Light Absorption and Photosystems

• Wavelength and Energy: Shorter wavelengths have higher energy.

• Pigments: Chlorophylls and carotenoids absorb light at specific wavelengths.

• Photosystems: Complexes of pigments and proteins that capture light energy and initiate electron transport.

Electron Flow and ATP/NADPH Production

• Noncyclic Electron Flow (Z-scheme): Involves both photosystem II and I; produces ATP, NADPH, and O2.

• Cyclic Electron Flow: Involves only photosystem I; produces ATP but not NADPH or O2; occurs when ATP demand is high.

• Proton Gradient: Generated across thylakoid membrane; drives ATP synthesis.

Calvin Cycle and Carbon Fixation

• Stages: Carbon fixation, reduction, and regeneration of RuBP.

• Requirement: Three turns of the cycle produce one G3P molecule.

• Rubisco: Enzyme that catalyzes CO2 fixation; can also catalyze photorespiration.

Photorespiration and Adaptations

• Photorespiration: Occurs when Rubisco fixes O2 instead of CO2, leading to energy loss.

• Glycolate Pathway: Salvages some carbon lost during photorespiration.
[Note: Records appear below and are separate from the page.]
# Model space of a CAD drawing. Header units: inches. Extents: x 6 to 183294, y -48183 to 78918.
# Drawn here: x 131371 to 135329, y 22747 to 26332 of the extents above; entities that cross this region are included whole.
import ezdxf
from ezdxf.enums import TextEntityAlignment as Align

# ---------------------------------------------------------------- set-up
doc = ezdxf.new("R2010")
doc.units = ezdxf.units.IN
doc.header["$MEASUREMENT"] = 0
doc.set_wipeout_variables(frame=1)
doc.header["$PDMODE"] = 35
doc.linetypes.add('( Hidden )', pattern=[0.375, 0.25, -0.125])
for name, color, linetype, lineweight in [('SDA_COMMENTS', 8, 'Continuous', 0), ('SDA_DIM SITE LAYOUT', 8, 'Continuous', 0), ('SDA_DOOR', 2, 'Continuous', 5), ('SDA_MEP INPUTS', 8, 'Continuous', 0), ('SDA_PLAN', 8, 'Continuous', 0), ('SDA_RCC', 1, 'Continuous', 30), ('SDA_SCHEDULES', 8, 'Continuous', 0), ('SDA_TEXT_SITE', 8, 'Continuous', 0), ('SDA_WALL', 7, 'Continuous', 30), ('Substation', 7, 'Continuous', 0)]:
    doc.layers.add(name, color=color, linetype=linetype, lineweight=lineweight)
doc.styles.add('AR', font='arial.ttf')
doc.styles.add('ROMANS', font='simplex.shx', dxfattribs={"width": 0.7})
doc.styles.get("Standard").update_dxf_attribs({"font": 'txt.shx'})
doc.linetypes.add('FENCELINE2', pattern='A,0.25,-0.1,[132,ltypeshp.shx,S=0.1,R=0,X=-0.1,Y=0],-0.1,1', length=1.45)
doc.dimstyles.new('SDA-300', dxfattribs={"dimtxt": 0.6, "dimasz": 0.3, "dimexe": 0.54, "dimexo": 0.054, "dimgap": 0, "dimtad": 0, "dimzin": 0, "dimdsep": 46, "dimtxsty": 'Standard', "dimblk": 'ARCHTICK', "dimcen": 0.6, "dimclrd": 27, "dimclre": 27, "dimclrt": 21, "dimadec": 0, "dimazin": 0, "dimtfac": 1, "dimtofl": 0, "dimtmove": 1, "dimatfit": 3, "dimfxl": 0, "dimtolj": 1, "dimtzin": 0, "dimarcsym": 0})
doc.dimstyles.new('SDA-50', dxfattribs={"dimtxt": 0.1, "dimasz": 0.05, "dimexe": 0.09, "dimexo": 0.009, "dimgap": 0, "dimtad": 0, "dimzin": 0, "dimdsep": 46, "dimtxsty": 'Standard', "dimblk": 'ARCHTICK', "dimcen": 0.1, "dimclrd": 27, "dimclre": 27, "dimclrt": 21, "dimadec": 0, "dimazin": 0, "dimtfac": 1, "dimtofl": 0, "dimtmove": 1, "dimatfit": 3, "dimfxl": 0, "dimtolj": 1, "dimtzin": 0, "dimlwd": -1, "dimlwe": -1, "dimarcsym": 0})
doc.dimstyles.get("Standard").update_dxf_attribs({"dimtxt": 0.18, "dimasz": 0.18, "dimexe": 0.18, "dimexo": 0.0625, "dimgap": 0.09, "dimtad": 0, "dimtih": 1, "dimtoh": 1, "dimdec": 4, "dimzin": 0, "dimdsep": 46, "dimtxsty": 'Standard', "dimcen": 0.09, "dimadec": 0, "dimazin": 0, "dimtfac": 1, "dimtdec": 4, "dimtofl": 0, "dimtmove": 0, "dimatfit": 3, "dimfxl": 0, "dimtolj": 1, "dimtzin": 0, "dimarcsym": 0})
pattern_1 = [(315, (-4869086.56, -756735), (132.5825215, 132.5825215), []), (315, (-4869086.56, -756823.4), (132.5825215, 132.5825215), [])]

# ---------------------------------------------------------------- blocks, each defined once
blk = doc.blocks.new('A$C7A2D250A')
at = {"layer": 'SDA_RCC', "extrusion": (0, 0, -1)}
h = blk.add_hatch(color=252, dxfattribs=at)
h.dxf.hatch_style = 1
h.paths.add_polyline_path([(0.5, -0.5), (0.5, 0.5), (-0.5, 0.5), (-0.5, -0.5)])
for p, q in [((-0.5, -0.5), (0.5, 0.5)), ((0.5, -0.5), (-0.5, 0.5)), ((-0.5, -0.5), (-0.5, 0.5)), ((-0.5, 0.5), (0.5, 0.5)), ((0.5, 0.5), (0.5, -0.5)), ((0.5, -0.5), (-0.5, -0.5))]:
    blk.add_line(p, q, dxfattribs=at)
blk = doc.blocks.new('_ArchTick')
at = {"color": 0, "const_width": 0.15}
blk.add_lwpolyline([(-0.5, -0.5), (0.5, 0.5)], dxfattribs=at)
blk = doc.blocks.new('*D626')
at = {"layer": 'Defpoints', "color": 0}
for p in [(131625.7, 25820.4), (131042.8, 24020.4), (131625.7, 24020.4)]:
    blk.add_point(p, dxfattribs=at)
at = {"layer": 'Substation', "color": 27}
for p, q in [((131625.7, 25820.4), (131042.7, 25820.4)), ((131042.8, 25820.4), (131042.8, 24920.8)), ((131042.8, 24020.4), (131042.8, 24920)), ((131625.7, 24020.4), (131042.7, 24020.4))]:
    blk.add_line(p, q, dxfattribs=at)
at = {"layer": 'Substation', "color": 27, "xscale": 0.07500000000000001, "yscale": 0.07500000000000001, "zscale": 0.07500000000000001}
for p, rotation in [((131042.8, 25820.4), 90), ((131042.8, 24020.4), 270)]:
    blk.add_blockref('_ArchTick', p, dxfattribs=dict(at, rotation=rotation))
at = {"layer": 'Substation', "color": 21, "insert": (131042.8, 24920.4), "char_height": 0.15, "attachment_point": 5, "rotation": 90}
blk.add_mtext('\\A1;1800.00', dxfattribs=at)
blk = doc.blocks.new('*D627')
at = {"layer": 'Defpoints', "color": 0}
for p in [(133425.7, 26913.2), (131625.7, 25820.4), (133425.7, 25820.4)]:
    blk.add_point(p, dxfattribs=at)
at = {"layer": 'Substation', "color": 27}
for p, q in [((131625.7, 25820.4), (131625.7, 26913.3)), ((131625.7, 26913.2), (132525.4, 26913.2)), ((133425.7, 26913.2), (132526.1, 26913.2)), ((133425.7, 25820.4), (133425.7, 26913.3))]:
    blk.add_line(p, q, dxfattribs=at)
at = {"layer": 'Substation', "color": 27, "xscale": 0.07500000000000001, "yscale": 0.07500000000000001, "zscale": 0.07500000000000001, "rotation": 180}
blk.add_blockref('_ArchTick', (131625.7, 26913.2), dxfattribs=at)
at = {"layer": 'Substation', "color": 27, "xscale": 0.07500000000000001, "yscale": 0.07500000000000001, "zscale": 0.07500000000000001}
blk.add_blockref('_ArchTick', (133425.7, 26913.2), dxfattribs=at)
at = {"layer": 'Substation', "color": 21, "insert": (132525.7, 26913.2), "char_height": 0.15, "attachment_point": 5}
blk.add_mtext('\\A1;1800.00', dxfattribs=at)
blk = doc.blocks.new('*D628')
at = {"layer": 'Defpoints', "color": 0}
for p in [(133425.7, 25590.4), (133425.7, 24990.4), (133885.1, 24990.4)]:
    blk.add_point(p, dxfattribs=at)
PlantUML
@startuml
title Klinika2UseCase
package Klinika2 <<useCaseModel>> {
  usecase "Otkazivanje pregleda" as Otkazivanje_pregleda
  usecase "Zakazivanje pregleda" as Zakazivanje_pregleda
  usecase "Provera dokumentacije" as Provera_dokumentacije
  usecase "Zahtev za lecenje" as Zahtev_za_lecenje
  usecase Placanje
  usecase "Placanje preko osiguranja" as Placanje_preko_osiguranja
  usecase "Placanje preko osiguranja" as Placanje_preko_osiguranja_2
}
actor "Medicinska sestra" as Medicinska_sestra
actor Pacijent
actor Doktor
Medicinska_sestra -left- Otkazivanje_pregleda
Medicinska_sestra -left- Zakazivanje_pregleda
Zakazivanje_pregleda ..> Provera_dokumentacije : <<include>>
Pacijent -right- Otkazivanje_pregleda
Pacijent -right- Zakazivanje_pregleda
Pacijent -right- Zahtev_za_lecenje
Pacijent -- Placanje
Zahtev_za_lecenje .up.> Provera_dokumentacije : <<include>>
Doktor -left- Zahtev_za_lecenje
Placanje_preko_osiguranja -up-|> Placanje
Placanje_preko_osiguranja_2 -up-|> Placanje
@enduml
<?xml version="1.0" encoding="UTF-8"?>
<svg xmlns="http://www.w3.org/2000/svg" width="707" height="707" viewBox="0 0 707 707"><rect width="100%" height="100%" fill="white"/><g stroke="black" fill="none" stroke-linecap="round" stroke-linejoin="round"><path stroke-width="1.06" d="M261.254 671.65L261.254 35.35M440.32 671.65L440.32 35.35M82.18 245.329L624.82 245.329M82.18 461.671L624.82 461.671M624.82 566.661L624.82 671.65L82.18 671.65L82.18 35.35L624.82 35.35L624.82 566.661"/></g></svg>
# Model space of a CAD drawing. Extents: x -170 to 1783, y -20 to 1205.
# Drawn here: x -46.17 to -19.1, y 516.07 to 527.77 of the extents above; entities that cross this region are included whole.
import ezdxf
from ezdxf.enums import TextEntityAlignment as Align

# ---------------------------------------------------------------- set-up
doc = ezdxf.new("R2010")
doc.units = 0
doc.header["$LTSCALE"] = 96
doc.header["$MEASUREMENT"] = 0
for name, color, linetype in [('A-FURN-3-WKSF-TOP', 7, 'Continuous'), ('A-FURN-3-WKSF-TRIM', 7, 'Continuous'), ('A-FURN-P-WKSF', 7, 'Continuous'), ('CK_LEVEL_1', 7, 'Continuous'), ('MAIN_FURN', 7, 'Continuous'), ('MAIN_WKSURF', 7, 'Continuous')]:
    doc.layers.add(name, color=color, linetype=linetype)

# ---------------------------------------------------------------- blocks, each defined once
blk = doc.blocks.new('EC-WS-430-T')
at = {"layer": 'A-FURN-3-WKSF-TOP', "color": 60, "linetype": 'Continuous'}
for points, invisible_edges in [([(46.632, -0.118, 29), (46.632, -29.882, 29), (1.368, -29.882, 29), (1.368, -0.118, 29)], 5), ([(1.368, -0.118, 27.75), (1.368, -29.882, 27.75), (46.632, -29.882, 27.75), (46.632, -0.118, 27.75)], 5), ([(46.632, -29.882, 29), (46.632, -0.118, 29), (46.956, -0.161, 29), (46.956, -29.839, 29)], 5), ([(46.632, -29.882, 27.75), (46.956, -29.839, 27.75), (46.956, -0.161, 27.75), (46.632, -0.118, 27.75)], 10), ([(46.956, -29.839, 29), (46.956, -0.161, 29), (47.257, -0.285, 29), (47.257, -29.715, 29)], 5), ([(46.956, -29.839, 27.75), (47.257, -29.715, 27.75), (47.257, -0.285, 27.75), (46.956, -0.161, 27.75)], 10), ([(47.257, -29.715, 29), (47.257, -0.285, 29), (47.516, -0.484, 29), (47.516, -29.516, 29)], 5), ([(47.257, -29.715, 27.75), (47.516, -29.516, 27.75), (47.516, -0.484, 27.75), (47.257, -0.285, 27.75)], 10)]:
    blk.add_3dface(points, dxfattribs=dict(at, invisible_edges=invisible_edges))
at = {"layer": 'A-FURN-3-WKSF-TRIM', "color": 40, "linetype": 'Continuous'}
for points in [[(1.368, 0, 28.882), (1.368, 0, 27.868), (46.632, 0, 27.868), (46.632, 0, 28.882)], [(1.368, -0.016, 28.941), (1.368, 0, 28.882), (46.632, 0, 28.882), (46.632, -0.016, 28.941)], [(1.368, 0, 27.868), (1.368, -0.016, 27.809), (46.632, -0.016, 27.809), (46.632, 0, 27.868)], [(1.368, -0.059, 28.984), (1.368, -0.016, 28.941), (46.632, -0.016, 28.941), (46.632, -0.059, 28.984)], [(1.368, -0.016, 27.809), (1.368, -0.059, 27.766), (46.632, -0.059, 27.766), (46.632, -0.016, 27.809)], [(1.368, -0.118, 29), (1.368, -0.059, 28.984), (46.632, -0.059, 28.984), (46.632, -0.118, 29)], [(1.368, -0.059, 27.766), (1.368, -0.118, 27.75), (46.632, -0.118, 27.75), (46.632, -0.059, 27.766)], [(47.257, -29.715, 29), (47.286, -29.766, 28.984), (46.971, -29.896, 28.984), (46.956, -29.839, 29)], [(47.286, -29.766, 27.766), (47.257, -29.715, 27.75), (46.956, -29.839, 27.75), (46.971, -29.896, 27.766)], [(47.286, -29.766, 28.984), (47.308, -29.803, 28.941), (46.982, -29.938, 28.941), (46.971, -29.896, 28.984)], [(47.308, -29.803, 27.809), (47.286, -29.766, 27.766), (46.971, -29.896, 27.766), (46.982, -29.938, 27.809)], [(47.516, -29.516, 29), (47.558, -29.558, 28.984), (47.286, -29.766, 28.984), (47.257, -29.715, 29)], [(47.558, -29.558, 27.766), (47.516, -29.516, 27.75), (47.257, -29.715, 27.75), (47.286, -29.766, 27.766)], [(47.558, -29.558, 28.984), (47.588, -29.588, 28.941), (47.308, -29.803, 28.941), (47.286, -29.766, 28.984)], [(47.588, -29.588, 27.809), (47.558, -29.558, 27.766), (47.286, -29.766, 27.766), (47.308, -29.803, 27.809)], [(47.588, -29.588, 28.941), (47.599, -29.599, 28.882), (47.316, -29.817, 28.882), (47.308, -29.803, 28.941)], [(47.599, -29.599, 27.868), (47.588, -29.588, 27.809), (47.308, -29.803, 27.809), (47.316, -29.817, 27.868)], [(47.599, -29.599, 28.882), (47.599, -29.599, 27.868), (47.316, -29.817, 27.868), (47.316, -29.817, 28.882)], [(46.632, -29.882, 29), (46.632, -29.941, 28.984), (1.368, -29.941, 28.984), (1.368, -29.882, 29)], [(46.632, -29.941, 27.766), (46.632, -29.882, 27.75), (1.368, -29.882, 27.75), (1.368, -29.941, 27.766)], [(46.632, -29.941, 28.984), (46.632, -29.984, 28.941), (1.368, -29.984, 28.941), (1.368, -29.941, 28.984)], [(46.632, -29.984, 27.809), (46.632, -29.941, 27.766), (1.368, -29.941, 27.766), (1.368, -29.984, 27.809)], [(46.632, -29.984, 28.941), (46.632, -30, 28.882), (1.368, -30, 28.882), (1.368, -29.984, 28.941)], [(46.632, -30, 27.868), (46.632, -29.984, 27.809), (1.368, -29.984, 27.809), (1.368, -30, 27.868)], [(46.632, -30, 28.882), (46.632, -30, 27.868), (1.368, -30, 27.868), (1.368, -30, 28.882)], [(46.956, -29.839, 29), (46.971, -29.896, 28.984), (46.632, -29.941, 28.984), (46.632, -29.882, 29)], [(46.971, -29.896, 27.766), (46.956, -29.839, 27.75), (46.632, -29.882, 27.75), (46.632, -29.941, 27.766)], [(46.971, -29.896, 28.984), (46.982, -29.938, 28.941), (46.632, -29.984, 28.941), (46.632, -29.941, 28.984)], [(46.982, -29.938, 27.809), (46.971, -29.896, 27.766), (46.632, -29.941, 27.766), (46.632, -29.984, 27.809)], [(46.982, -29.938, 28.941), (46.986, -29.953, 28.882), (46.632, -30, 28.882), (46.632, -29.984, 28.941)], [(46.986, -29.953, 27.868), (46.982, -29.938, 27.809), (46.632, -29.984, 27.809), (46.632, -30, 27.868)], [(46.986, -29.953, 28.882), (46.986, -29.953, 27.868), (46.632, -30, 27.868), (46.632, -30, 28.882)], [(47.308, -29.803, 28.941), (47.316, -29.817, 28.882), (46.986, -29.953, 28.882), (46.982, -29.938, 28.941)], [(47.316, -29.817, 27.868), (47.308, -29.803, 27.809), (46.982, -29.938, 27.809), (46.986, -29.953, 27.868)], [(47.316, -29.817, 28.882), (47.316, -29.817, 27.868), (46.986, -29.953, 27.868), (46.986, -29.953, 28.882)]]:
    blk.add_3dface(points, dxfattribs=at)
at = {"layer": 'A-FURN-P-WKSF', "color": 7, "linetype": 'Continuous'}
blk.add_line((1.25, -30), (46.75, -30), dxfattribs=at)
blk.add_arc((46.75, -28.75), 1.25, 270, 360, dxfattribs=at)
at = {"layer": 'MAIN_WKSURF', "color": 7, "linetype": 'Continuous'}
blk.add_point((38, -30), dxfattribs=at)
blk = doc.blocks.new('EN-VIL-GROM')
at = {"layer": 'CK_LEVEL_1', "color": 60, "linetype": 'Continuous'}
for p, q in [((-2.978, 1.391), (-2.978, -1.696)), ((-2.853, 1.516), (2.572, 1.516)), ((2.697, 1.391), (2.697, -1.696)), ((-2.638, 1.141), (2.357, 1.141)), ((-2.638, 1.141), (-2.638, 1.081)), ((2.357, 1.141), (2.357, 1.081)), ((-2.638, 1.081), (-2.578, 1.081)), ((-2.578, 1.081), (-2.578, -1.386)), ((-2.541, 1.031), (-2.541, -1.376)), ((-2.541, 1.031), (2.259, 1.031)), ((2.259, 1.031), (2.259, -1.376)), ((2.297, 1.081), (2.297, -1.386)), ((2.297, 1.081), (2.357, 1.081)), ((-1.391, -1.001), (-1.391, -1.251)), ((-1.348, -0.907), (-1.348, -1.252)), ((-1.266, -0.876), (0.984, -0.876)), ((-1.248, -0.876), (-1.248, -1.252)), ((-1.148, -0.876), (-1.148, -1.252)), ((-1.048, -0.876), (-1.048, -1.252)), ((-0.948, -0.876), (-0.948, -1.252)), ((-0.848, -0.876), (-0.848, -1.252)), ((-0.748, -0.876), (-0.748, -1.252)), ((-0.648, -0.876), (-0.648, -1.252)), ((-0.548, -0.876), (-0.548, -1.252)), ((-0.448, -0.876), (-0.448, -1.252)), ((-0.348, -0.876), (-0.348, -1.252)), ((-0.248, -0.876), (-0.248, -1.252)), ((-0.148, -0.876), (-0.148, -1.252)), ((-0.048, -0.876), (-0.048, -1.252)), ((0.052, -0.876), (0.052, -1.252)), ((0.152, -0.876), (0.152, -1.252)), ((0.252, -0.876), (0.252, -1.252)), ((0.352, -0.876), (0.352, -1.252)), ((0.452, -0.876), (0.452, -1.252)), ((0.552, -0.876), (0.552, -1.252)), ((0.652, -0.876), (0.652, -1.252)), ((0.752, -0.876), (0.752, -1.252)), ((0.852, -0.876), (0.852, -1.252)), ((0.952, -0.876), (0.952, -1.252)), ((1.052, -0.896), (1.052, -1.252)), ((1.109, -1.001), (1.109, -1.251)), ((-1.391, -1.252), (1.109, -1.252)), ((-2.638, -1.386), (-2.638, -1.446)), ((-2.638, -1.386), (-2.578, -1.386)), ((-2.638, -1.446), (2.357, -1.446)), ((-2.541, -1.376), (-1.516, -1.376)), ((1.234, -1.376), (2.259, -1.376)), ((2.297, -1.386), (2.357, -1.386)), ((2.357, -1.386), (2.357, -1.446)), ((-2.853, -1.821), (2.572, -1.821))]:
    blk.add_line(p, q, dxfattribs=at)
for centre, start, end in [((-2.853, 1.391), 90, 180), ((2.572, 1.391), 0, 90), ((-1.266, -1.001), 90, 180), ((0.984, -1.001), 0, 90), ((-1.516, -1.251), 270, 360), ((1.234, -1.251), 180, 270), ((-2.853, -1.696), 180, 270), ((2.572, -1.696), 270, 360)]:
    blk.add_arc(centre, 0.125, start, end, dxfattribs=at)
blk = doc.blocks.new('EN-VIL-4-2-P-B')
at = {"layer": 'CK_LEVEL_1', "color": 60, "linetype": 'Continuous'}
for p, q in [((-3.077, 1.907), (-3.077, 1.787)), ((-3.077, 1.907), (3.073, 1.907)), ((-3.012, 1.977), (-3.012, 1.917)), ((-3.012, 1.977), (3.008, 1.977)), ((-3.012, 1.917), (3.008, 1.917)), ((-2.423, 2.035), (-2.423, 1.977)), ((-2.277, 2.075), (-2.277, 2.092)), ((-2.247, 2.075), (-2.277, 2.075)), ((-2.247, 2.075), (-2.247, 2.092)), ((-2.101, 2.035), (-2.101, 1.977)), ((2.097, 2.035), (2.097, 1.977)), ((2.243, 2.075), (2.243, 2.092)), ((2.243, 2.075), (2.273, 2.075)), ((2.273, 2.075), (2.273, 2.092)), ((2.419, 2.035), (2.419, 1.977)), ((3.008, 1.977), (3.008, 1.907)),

• C4 and CAM Plants: Adaptations to minimize photorespiration by spatial or temporal separation of CO2 fixation.

The Endomembrane System

Structure and Function of Major Components

• Rough Endoplasmic Reticulum (RER): Studded with ribosomes; site of protein synthesis and initial glycosylation.

• Smooth Endoplasmic Reticulum (SER): Lacks ribosomes; involved in lipid synthesis and detoxification.

• Golgi Apparatus: Modifies, sorts, and packages proteins and lipids for secretion or delivery to other organelles.

• Endosomes and Lysosomes: Involved in sorting, recycling, and degradation of cellular materials.

Membrane Biosynthesis and Glycosylation

• ER Role: Synthesizes membrane lipids and proteins; initial steps of N-glycosylation.

• Golgi Role: Further modifies glycoproteins; sorts and targets proteins to their destinations.

• N-glycosylation: Addition of oligosaccharides to asparagine residues of proteins.

Vesicular Transport and Protein Targeting

• Anterograde Transport: Movement from ER to Golgi to plasma membrane or lysosomes.

• Retrograde Transport: Movement from Golgi back to ER.

• Protein Targeting: Involves retention/retrieval tags, mannose-6-phosphate pathway for lysosomal targeting.

Secretory Pathways and Endocytosis

• Exocytosis: Fusion of vesicles with plasma membrane to release contents outside the cell.

• Endocytosis: Uptake of materials via vesicle formation; includes phagocytosis, pinocytosis, and receptor-mediated endocytosis.

• Receptor-Mediated Endocytosis: Specific uptake of molecules via receptor-ligand interactions and clathrin-coated vesicles.

Coated Vesicles and Vesicle Targeting

• SNAREs and Rab GTPases: Mediate vesicle targeting and fusion with target membranes.

Lysosomes and Peroxisomes

• Lysosomes: Contain hydrolytic enzymes for degradation of macromolecules; formed by fusion of vesicles from Golgi with endosomes.

• Peroxisomes: Organelles involved in fatty acid oxidation and detoxification of hydrogen peroxide.